By Michael Gordon
The New York Times
WASHINGTON — When President Bush and his top aides talk about military action to end Afghanistan’s support for terrorism, they are focusing on attacks to punish the Taliban and undermine their control over the country, not on a full-scale American occupation.
No war plan appears to have been agreed upon, and officially, the Bush administration insists that no options have been excluded.
The administration, however, is preparing a powerful military strike if the Taliban, as expected, refuses to hand over the terrorist bin Laden and shut down his terrorist network.
The blow would be intended not only to destroy terrorist bases in Afghanistan but to demonstrate to other nations that there is a heavy cost to be paid for regimes that shelter enemies of the United States.

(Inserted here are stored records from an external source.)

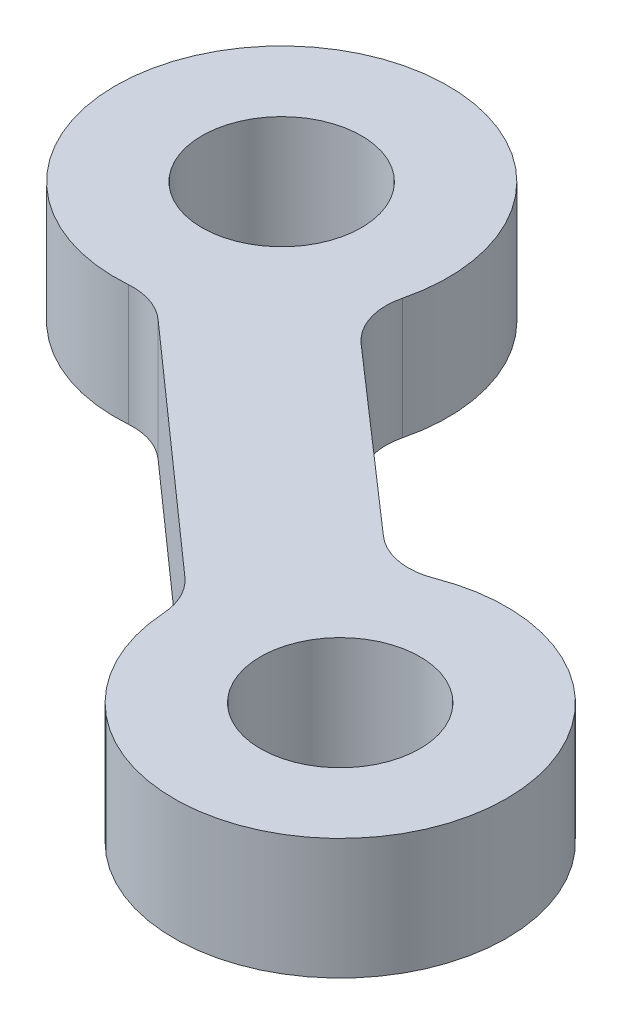
ISO-10303-21;
HEADER;
FILE_DESCRIPTION(('STEP AP214'),'2;1');
FILE_NAME('part.step','',(''),(''),'','','');
FILE_SCHEMA(('AUTOMOTIVE_DESIGN { 1 0 10303 214 1 1 1 1 }'));
ENDSEC;
DATA;
#1=APPLICATION_CONTEXT('core data for automotive mechanical design processes');
#2=APPLICATION_PROTOCOL_DEFINITION('international standard','automotive_design',2000,#1);
#3=PRODUCT_CONTEXT('',#1,'mechanical');
#4=PRODUCT('Part','Part','',(#3));
#5=PRODUCT_RELATED_PRODUCT_CATEGORY('part','',(#4));
#6=PRODUCT_DEFINITION_FORMATION('','',#4);
#7=PRODUCT_DEFINITION_CONTEXT('part definition',#1,'design');
#8=PRODUCT_DEFINITION('design','',#6,#7);
#9=PRODUCT_DEFINITION_SHAPE('','',#8);
#10=(LENGTH_UNIT() NAMED_UNIT(*) SI_UNIT(.MILLI.,.METRE.));
#11=(NAMED_UNIT(*) PLANE_ANGLE_UNIT() SI_UNIT($,.RADIAN.));
#12=(NAMED_UNIT(*) SI_UNIT($,.STERADIAN.) SOLID_ANGLE_UNIT());
#13=UNCERTAINTY_MEASURE_WITH_UNIT(LENGTH_MEASURE(1.E-05),#10,'distance_accuracy_value','');
#14=(GEOMETRIC_REPRESENTATION_CONTEXT(3) GLOBAL_UNCERTAINTY_ASSIGNED_CONTEXT((#13)) GLOBAL_UNIT_ASSIGNED_CONTEXT((#10,
#11,#12)) REPRESENTATION_CONTEXT('',''));
#15=CARTESIAN_POINT('',(0.,0.,0.));
#16=DIRECTION('',(0.,0.,1.));
#17=DIRECTION('',(1.,0.,0.));
#18=AXIS2_PLACEMENT_3D('',#15,#16,#17);
#19=CARTESIAN_POINT('',(97.9868806190565,4.,-33.5833584269257));
#20=DIRECTION('',(0.,-1.,0.));
#21=DIRECTION('',(0.,0.,-1.));
#22=AXIS2_PLACEMENT_3D('',#19,#20,#21);
#23=CYLINDRICAL_SURFACE('',#22,5.50000000000001);
#24=CARTESIAN_POINT('',(97.9868806190565,0.,-33.5833584269257));
#25=DIRECTION('',(0.,-1.,0.));
#26=DIRECTION('',(0.,0.,-1.));
#27=AXIS2_PLACEMENT_3D('',#24,#25,#26);
#28=CIRCLE('',#27,5.50000000000001);
#29=CARTESIAN_POINT('',(95.9828217037036,0.,-38.7052475182468));
#30=VERTEX_POINT('',#29);
#31=CARTESIAN_POINT('',(92.4979516243383,0.,-33.2345626543851));
#32=VERTEX_POINT('',#31);
#33=EDGE_CURVE('E130',#30,#32,#28,.T.);
#34=ORIENTED_EDGE('',*,*,#33,.F.);
#35=DIRECTION('',(0.,-1.,0.));
#36=VECTOR('',#35,1.);
#37=CARTESIAN_POINT('',(95.9828217037036,4.,-38.7052475182468));
#38=LINE('',#37,#36);
#39=CARTESIAN_POINT('',(95.9828217037036,4.,-38.7052475182468));
#40=VERTEX_POINT('',#39);
#41=EDGE_CURVE('E11',#40,#30,#38,.T.);
#42=ORIENTED_EDGE('',*,*,#41,.F.);
#43=CARTESIAN_POINT('',(97.9868806190565,4.,-33.5833584269257));
#44=DIRECTION('',(0.,-1.,0.));
#45=DIRECTION('',(0.,0.,-1.));
#46=AXIS2_PLACEMENT_3D('',#43,#44,#45);
#47=CIRCLE('',#46,5.50000000000001);
#48=CARTESIAN_POINT('',(92.4979516243383,4.,-33.2345626543851));
#49=VERTEX_POINT('',#48);
#50=EDGE_CURVE('E151',#40,#49,#47,.T.);
#51=ORIENTED_EDGE('',*,*,#50,.T.);
#52=DIRECTION('',(0.,-1.,0.));
#53=VECTOR('',#52,1.);
#54=CARTESIAN_POINT('',(92.4979516243383,4.,-33.2345626543851));
#55=LINE('',#54,#53);
#56=EDGE_CURVE('E36',#49,#32,#55,.T.);
#57=ORIENTED_EDGE('',*,*,#56,.T.);
#58=EDGE_LOOP('',(#34,#42,#51,#57));
#59=FACE_BOUND('',#58,.T.);
#60=ADVANCED_FACE('F33',(#59),#23,.T.);
#61=CARTESIAN_POINT('',(95.2540730072116,4.,-40.5677526423636));
#62=DIRECTION('',(0.,-1.,0.));
#63=DIRECTION('',(0.,0.,-1.));
#64=AXIS2_PLACEMENT_3D('',#61,#62,#63);
#65=CYLINDRICAL_SURFACE('',#64,2.00000000000001);
#66=CARTESIAN_POINT('',(95.2540730072116,0.,-40.5677526423636));
#67=DIRECTION('',(0.,1.,0.));
#68=DIRECTION('',(0.,0.,1.));
#69=AXIS2_PLACEMENT_3D('',#66,#67,#68);
#70=CIRCLE('',#69,2.00000000000001);
#71=CARTESIAN_POINT('',(93.9374818242984,0.,-39.0622335767005));
#72=VERTEX_POINT('',#71);
#73=EDGE_CURVE('E149',#72,#30,#70,.T.);
#74=ORIENTED_EDGE('',*,*,#73,.F.);
#75=DIRECTION('',(0.,-1.,0.));
#76=VECTOR('',#75,1.);
#77=CARTESIAN_POINT('',(93.9374818242984,4.,-39.0622335767005));
#78=LINE('',#77,#76);
#79=CARTESIAN_POINT('',(93.9374818242984,4.,-39.0622335767005));
#80=VERTEX_POINT('',#79);
#81=EDGE_CURVE('E42',#80,#72,#78,.T.);
#82=ORIENTED_EDGE('',*,*,#81,.F.);
#83=CARTESIAN_POINT('',(95.2540730072116,4.,-40.5677526423636));
#84=DIRECTION('',(0.,1.,0.));
#85=DIRECTION('',(0.,0.,1.));
#86=AXIS2_PLACEMENT_3D('',#83,#84,#85);
#87=CIRCLE('',#86,2.00000000000001);
#88=EDGE_CURVE('E120',#80,#40,#87,.T.);
#89=ORIENTED_EDGE('',*,*,#88,.T.);
#90=ORIENTED_EDGE('',*,*,#41,.T.);
#91=EDGE_LOOP('',(#74,#82,#89,#90));
#92=FACE_BOUND('',#91,.T.);
#93=ADVANCED_FACE('F163',(#92),#65,.F.);
#94=CARTESIAN_POINT('',(88.0534392912902,4.,-44.2078864585077));
#95=DIRECTION('',(0.658295591456619,0.,-0.752759532831555));
#96=DIRECTION('',(-0.752759532831555,0.,-0.658295591456619));
#97=AXIS2_PLACEMENT_3D('',#94,#95,#96);
#98=PLANE('',#97);
#99=DIRECTION('',(0.752759532831555,0.,0.658295591456619));
#100=VECTOR('',#99,1.);
#101=CARTESIAN_POINT('',(88.0534392912902,0.,-44.2078864585077));
#102=LINE('',#101,#100);
#103=CARTESIAN_POINT('',(88.0534392912902,0.,-44.2078864585077));
#104=VERTEX_POINT('',#103);
#105=EDGE_CURVE('E107',#104,#72,#102,.T.);
#106=ORIENTED_EDGE('',*,*,#105,.F.);
#107=DIRECTION('',(0.,-1.,0.));
#108=VECTOR('',#107,1.);
#109=CARTESIAN_POINT('',(88.0534392912902,4.,-44.2078864585077));
#110=LINE('',#109,#108);
#111=CARTESIAN_POINT('',(88.0534392912902,4.,-44.2078864585077));
#112=VERTEX_POINT('',#111);
#113=EDGE_CURVE('E102',#112,#104,#110,.T.);
#114=ORIENTED_EDGE('',*,*,#113,.F.);
#115=DIRECTION('',(0.752759532831555,0.,0.658295591456619));
#116=VECTOR('',#115,1.);
#117=CARTESIAN_POINT('',(88.0534392912902,4.,-44.2078864585077));
#118=LINE('',#117,#116);
#119=EDGE_CURVE('E105',#112,#80,#118,.T.);
#120=ORIENTED_EDGE('',*,*,#119,.T.);
#121=ORIENTED_EDGE('',*,*,#81,.T.);
#122=EDGE_LOOP('',(#106,#114,#120,#121));
#123=FACE_BOUND('',#122,.T.);
#124=ADVANCED_FACE('F104',(#123),#98,.T.);
#125=CARTESIAN_POINT('',(89.3700304742034,4.,-45.7134055241708));
#126=DIRECTION('',(0.,-1.,0.));
#127=DIRECTION('',(0.,0.,-1.));
#128=AXIS2_PLACEMENT_3D('',#125,#126,#127);
#129=CYLINDRICAL_SURFACE('',#128,2.);
#130=CARTESIAN_POINT('',(89.3700304742034,0.,-45.7134055241708));
#131=DIRECTION('',(0.,1.,0.));
#132=DIRECTION('',(0.,0.,1.));
#133=AXIS2_PLACEMENT_3D('',#130,#131,#132);
#134=CIRCLE('',#133,2.);
#135=CARTESIAN_POINT('',(87.4301696317101,0.,-46.2001702638152));
#136=VERTEX_POINT('',#135);
#137=EDGE_CURVE('E146',#136,#104,#134,.T.);
#138=ORIENTED_EDGE('',*,*,#137,.F.);
#139=DIRECTION('',(0.,-1.,0.));
#140=VECTOR('',#139,1.);
#141=CARTESIAN_POINT('',(87.4301696317101,4.,-46.2001702638152));
#142=LINE('',#141,#140);
#143=CARTESIAN_POINT('',(87.4301696317101,4.,-46.2001702638152));
#144=VERTEX_POINT('',#143);
#145=EDGE_CURVE('E112',#144,#136,#142,.T.);
#146=ORIENTED_EDGE('',*,*,#145,.F.);
#147=CARTESIAN_POINT('',(89.3700304742034,4.,-45.7134055241708));
#148=DIRECTION('',(0.,1.,0.));
#149=DIRECTION('',(0.,0.,1.));
#150=AXIS2_PLACEMENT_3D('',#147,#148,#149);
#151=CIRCLE('',#150,2.);
#152=EDGE_CURVE('E118',#144,#112,#151,.T.);
#153=ORIENTED_EDGE('',*,*,#152,.T.);
#154=ORIENTED_EDGE('',*,*,#113,.T.);
#155=EDGE_LOOP('',(#138,#146,#153,#154));
#156=FACE_BOUND('',#155,.T.);
#157=ADVANCED_FACE('F122',(#156),#129,.F.);
#158=CARTESIAN_POINT('',(82.0955523148534,4.,-47.5387732978373));
#159=DIRECTION('',(0.,-1.,0.));
#160=DIRECTION('',(0.,0.,-1.));
#161=AXIS2_PLACEMENT_3D('',#158,#159,#160);
#162=CYLINDRICAL_SURFACE('',#161,5.50000000000001);
#163=CARTESIAN_POINT('',(82.0955523148534,0.,-47.5387732978373));
#164=DIRECTION('',(0.,-1.,0.));
#165=DIRECTION('',(0.,0.,-1.));
#166=AXIS2_PLACEMENT_3D('',#163,#164,#165);
#167=CIRCLE('',#166,5.50000000000001);
#168=CARTESIAN_POINT('',(82.5101698124519,0.,-42.0544235341292));
#169=VERTEX_POINT('',#168);
#170=EDGE_CURVE('E143',#169,#136,#167,.T.);
#171=ORIENTED_EDGE('',*,*,#170,.F.);
#172=DIRECTION('',(0.,-1.,0.));
#173=VECTOR('',#172,1.);
#174=CARTESIAN_POINT('',(82.5101698124519,4.,-42.0544235341292));
#175=LINE('',#174,#173);
#176=CARTESIAN_POINT('',(82.5101698124519,4.,-42.0544235341292));
#177=VERTEX_POINT('',#176);
#178=EDGE_CURVE('E155',#177,#169,#175,.T.);
#179=ORIENTED_EDGE('',*,*,#178,.F.);
#180=CARTESIAN_POINT('',(82.0955523148534,4.,-47.5387732978373));
#181=DIRECTION('',(0.,-1.,0.));
#182=DIRECTION('',(0.,0.,-1.));
#183=AXIS2_PLACEMENT_3D('',#180,#181,#182);
#184=CIRCLE('',#183,5.50000000000001);
#185=EDGE_CURVE('E123',#177,#144,#184,.T.);
#186=ORIENTED_EDGE('',*,*,#185,.T.);
#187=ORIENTED_EDGE('',*,*,#145,.T.);
#188=EDGE_LOOP('',(#171,#179,#186,#187));
#189=FACE_BOUND('',#188,.T.);
#190=ADVANCED_FACE('F176',(#189),#162,.T.);
#191=CARTESIAN_POINT('',(82.6609398115787,4.,-40.0601145291444));
#192=DIRECTION('',(0.,-1.,0.));
#193=DIRECTION('',(0.,0.,-1.));
#194=AXIS2_PLACEMENT_3D('',#191,#192,#193);
#195=CYLINDRICAL_SURFACE('',#194,2.);
#196=CARTESIAN_POINT('',(82.6609398115787,0.,-40.0601145291444));
#197=DIRECTION('',(0.,1.,0.));
#198=DIRECTION('',(0.,0.,1.));
#199=AXIS2_PLACEMENT_3D('',#196,#197,#198);
#200=CIRCLE('',#199,2.);
#201=CARTESIAN_POINT('',(83.9878087778209,0.,-41.5565832880643));
#202=VERTEX_POINT('',#201);
#203=EDGE_CURVE('E140',#202,#169,#200,.T.);
#204=ORIENTED_EDGE('',*,*,#203,.F.);
#205=DIRECTION('',(0.,-1.,0.));
#206=VECTOR('',#205,1.);
#207=CARTESIAN_POINT('',(83.9878087778209,4.,-41.5565832880643));
#208=LINE('',#207,#206);
#209=CARTESIAN_POINT('',(83.9878087778209,4.,-41.5565832880643));
#210=VERTEX_POINT('',#209);
#211=EDGE_CURVE('E157',#210,#202,#208,.T.);
#212=ORIENTED_EDGE('',*,*,#211,.F.);
#213=CARTESIAN_POINT('',(82.6609398115787,4.,-40.0601145291444));
#214=DIRECTION('',(0.,1.,0.));
#215=DIRECTION('',(0.,0.,1.));
#216=AXIS2_PLACEMENT_3D('',#213,#214,#215);
#217=CIRCLE('',#216,2.);
#218=EDGE_CURVE('E125',#210,#177,#217,.T.);
#219=ORIENTED_EDGE('',*,*,#218,.T.);
#220=ORIENTED_EDGE('',*,*,#178,.T.);
#221=EDGE_LOOP('',(#204,#212,#219,#220));
#222=FACE_BOUND('',#221,.T.);
#223=ADVANCED_FACE('F179',(#222),#195,.F.);
#224=CARTESIAN_POINT('',(91.8288464106831,4.,-34.6041965869265));
#225=DIRECTION('',(-0.66343448312114,0.,0.748234379459929));
#226=DIRECTION('',(0.748234379459929,0.,0.66343448312114));
#227=AXIS2_PLACEMENT_3D('',#224,#225,#226);
#228=PLANE('',#227);
#229=DIRECTION('',(-0.748234379459929,0.,-0.66343448312114));
#230=VECTOR('',#229,1.);
#231=CARTESIAN_POINT('',(91.8288464106831,0.,-34.6041965869265));
#232=LINE('',#231,#230);
#233=CARTESIAN_POINT('',(91.8288464106831,0.,-34.6041965869265));
#234=VERTEX_POINT('',#233);
#235=EDGE_CURVE('E137',#234,#202,#232,.T.);
#236=ORIENTED_EDGE('',*,*,#235,.F.);
#237=DIRECTION('',(0.,-1.,0.));
#238=VECTOR('',#237,1.);
#239=CARTESIAN_POINT('',(91.8288464106831,4.,-34.6041965869265));
#240=LINE('',#239,#238);
#241=CARTESIAN_POINT('',(91.8288464106831,4.,-34.6041965869265));
#242=VERTEX_POINT('',#241);
#243=EDGE_CURVE('E158',#242,#234,#240,.T.);
#244=ORIENTED_EDGE('',*,*,#243,.F.);
#245=DIRECTION('',(-0.748234379459929,0.,-0.66343448312114));
#246=VECTOR('',#245,1.);
#247=CARTESIAN_POINT('',(91.8288464106831,4.,-34.6041965869265));
#248=LINE('',#247,#246);
#249=EDGE_CURVE('E225',#242,#210,#248,.T.);
#250=ORIENTED_EDGE('',*,*,#249,.T.);
#251=ORIENTED_EDGE('',*,*,#211,.T.);
#252=EDGE_LOOP('',(#236,#244,#250,#251));
#253=FACE_BOUND('',#252,.T.);
#254=ADVANCED_FACE('F183',(#253),#228,.T.);
#255=CARTESIAN_POINT('',(90.5019774444408,4.,-33.1077278280066));
#256=DIRECTION('',(0.,-1.,0.));
#257=DIRECTION('',(0.,0.,-1.));
#258=AXIS2_PLACEMENT_3D('',#255,#256,#257);
#259=CYLINDRICAL_SURFACE('',#258,2.00000000000001);
#260=CARTESIAN_POINT('',(90.5019774444408,0.,-33.1077278280066));
#261=DIRECTION('',(0.,1.,0.));
#262=DIRECTION('',(0.,0.,1.));
#263=AXIS2_PLACEMENT_3D('',#260,#261,#262);
#264=CIRCLE('',#263,2.00000000000001);
#265=EDGE_CURVE('E133',#32,#234,#264,.T.);
#266=ORIENTED_EDGE('',*,*,#265,.F.);
#267=ORIENTED_EDGE('',*,*,#56,.F.);
#268=CARTESIAN_POINT('',(90.5019774444408,4.,-33.1077278280066));
#269=DIRECTION('',(0.,1.,0.));
#270=DIRECTION('',(0.,0.,1.));
#271=AXIS2_PLACEMENT_3D('',#268,#269,#270);
#272=CIRCLE('',#271,2.00000000000001);
#273=EDGE_CURVE('E223',#49,#242,#272,.T.);
#274=ORIENTED_EDGE('',*,*,#273,.T.);
#275=ORIENTED_EDGE('',*,*,#243,.T.);
#276=EDGE_LOOP('',(#266,#267,#274,#275));
#277=FACE_BOUND('',#276,.T.);
#278=ADVANCED_FACE('F160',(#277),#259,.F.);
#279=CARTESIAN_POINT('',(97.9868806190565,4.,-33.5833584269257));
#280=DIRECTION('',(0.,-1.,0.));
#281=DIRECTION('',(0.,0.,-1.));
#282=AXIS2_PLACEMENT_3D('',#279,#280,#281);
#283=PLANE('',#282);
#284=CARTESIAN_POINT('',(97.9868806190565,4.,-33.5833584269257));
#285=DIRECTION('',(0.,-1.,0.));
#286=DIRECTION('',(0.,0.,1.));
#287=AXIS2_PLACEMENT_3D('',#284,#285,#286);
#288=CIRCLE('',#287,2.63749999999999);
#289=CARTESIAN_POINT('',(97.9868806190565,4.,-30.9458584269257));
#290=VERTEX_POINT('',#289);
#291=EDGE_CURVE('E210',#290,#290,#288,.T.);
#292=ORIENTED_EDGE('',*,*,#291,.T.);
#293=EDGE_LOOP('',(#292));
#294=FACE_BOUND('',#293,.T.);
#295=CARTESIAN_POINT('',(82.0955523148534,4.,-47.5387732978373));
#296=DIRECTION('',(0.,-1.,0.));
#297=DIRECTION('',(0.,0.,1.));
#298=AXIS2_PLACEMENT_3D('',#295,#296,#297);
#299=CIRCLE('',#298,2.63750000000001);
#300=CARTESIAN_POINT('',(82.0955523148534,4.,-44.9012732978373));
#301=VERTEX_POINT('',#300);
#302=EDGE_CURVE('E134',#301,#301,#299,.T.);
#303=ORIENTED_EDGE('',*,*,#302,.T.);
#304=EDGE_LOOP('',(#303));
#305=FACE_BOUND('',#304,.T.);
#306=ORIENTED_EDGE('',*,*,#50,.F.);
#307=ORIENTED_EDGE('',*,*,#88,.F.);
#308=ORIENTED_EDGE('',*,*,#119,.F.);
#309=ORIENTED_EDGE('',*,*,#152,.F.);
#310=ORIENTED_EDGE('',*,*,#185,.F.);
#311=ORIENTED_EDGE('',*,*,#218,.F.);
#312=ORIENTED_EDGE('',*,*,#249,.F.);
#313=ORIENTED_EDGE('',*,*,#273,.F.);
#314=EDGE_LOOP('',(#306,#307,#308,#309,#310,#311,#312,#313));
#315=FACE_BOUND('',#314,.T.);
#316=ADVANCED_FACE('F116',(#294,#305,#315),#283,.F.);
#317=CARTESIAN_POINT('',(97.9868806190565,0.,-33.5833584269257));
#318=DIRECTION('',(0.,-1.,0.));
#319=DIRECTION('',(0.,0.,-1.));
#320=AXIS2_PLACEMENT_3D('',#317,#318,#319);
#321=PLANE('',#320);
#322=CARTESIAN_POINT('',(97.9868806190565,0.,-33.5833584269257));
#323=DIRECTION('',(0.,-1.,0.));
#324=DIRECTION('',(0.,0.,1.));
#325=AXIS2_PLACEMENT_3D('',#322,#323,#324);
#326=CIRCLE('',#325,2.63749999999999);
#327=CARTESIAN_POINT('',(97.9868806190565,0.,-30.9458584269257));
#328=VERTEX_POINT('',#327);
#329=EDGE_CURVE('E213',#328,#328,#326,.T.);
#330=ORIENTED_EDGE('',*,*,#329,.F.);
#331=EDGE_LOOP('',(#330));
#332=FACE_BOUND('',#331,.T.);
#333=CARTESIAN_POINT('',(82.0955523148534,0.,-47.5387732978373));
#334=DIRECTION('',(0.,-1.,0.));
#335=DIRECTION('',(0.,0.,1.));
#336=AXIS2_PLACEMENT_3D('',#333,#334,#335);
#337=CIRCLE('',#336,2.63750000000001);
#338=CARTESIAN_POINT('',(82.0955523148534,0.,-44.9012732978373));
#339=VERTEX_POINT('',#338);
#340=EDGE_CURVE('E215',#339,#339,#337,.T.);
#341=ORIENTED_EDGE('',*,*,#340,.F.);
#342=EDGE_LOOP('',(#341));
#343=FACE_BOUND('',#342,.T.);
#344=ORIENTED_EDGE('',*,*,#33,.T.);
#345=ORIENTED_EDGE('',*,*,#265,.T.);
#346=ORIENTED_EDGE('',*,*,#235,.T.);
#347=ORIENTED_EDGE('',*,*,#203,.T.);
#348=ORIENTED_EDGE('',*,*,#170,.T.);
#349=ORIENTED_EDGE('',*,*,#137,.T.);
#350=ORIENTED_EDGE('',*,*,#105,.T.);
#351=ORIENTED_EDGE('',*,*,#73,.T.);
#352=EDGE_LOOP('',(#344,#345,#346,#347,#348,#349,#350,#351));
#353=FACE_BOUND('',#352,.T.);
#354=ADVANCED_FACE('F162',(#332,#343,#353),#321,.T.);
#355=CARTESIAN_POINT('',(82.0955523148534,4.,-47.5387732978373));
#356=DIRECTION('',(0.,-1.,0.));
#357=DIRECTION('',(0.,0.,-1.));
#358=AXIS2_PLACEMENT_3D('',#355,#356,#357);
#359=CYLINDRICAL_SURFACE('',#358,2.63750000000001);
#360=ORIENTED_EDGE('',*,*,#302,.F.);
#361=EDGE_LOOP('',(#360));
#362=FACE_BOUND('',#361,.T.);
#363=ORIENTED_EDGE('',*,*,#340,.T.);
#364=EDGE_LOOP('',(#363));
#365=FACE_BOUND('',#364,.T.);
#366=ADVANCED_FACE('F195',(#362,#365),#359,.F.);
#367=CARTESIAN_POINT('',(97.9868806190565,4.,-33.5833584269257));
#368=DIRECTION('',(0.,-1.,0.));
#369=DIRECTION('',(0.,0.,-1.));
#370=AXIS2_PLACEMENT_3D('',#367,#368,#369);
#371=CYLINDRICAL_SURFACE('',#370,2.63749999999999);
#372=ORIENTED_EDGE('',*,*,#291,.F.);
#373=EDGE_LOOP('',(#372));
#374=FACE_BOUND('',#373,.T.);
#375=ORIENTED_EDGE('',*,*,#329,.T.);
#376=EDGE_LOOP('',(#375));
#377=FACE_BOUND('',#376,.T.);
#378=ADVANCED_FACE('F202',(#374,#377),#371,.F.);
#379=CLOSED_SHELL('',(#60,#93,#124,#157,#190,#223,#254,#278,#316,#354,#366,#378));
#380=MANIFOLD_SOLID_BREP('B2',#379);
#381=ADVANCED_BREP_SHAPE_REPRESENTATION('',(#18,#380),#14);
#382=SHAPE_DEFINITION_REPRESENTATION(#9,#381);
ENDSEC;
END-ISO-10303-21;

A principal option is to intervene militarily in Afghanistan’s civil war on the side of the Taliban’s foes: the beleaguered Northern Alliance, which claims just a sliver of Afghanistan’s territory. It has just been weakened further when its leader died after a suicide bomb attack committed just days before the raids in New York and Washington, D.C.
At the same time, the United States would apply additional pressure, for example, by persuading Pakistan to stop shipments of fuel to its neighboring Afghanistan.
Such steps may fall short of a knockout blow to the Taliban. Complicating the administration’s planning, the element of surprise has been lost. The Taliban and Osama bin Laden’s men are expecting a bombing attack and have been evacuating their camps and bases, according to U.S. intelligence.
But there is a recognition that to go further by invading and occupying Afghanistan with thousands of U.S. troops would place the United States at odds with much of the Islamic world and is fraught with enormous dangers.
The administration seems to be grappling for a plan involving air power, and potentially ground troops, that is more forceful than the cruise missile strike that the Clinton administration launched in 1998 against bin Laden in Afghanistan, with little effect, but that is less than the huge air and ground offensive that the United States launched in the Persian Gulf War.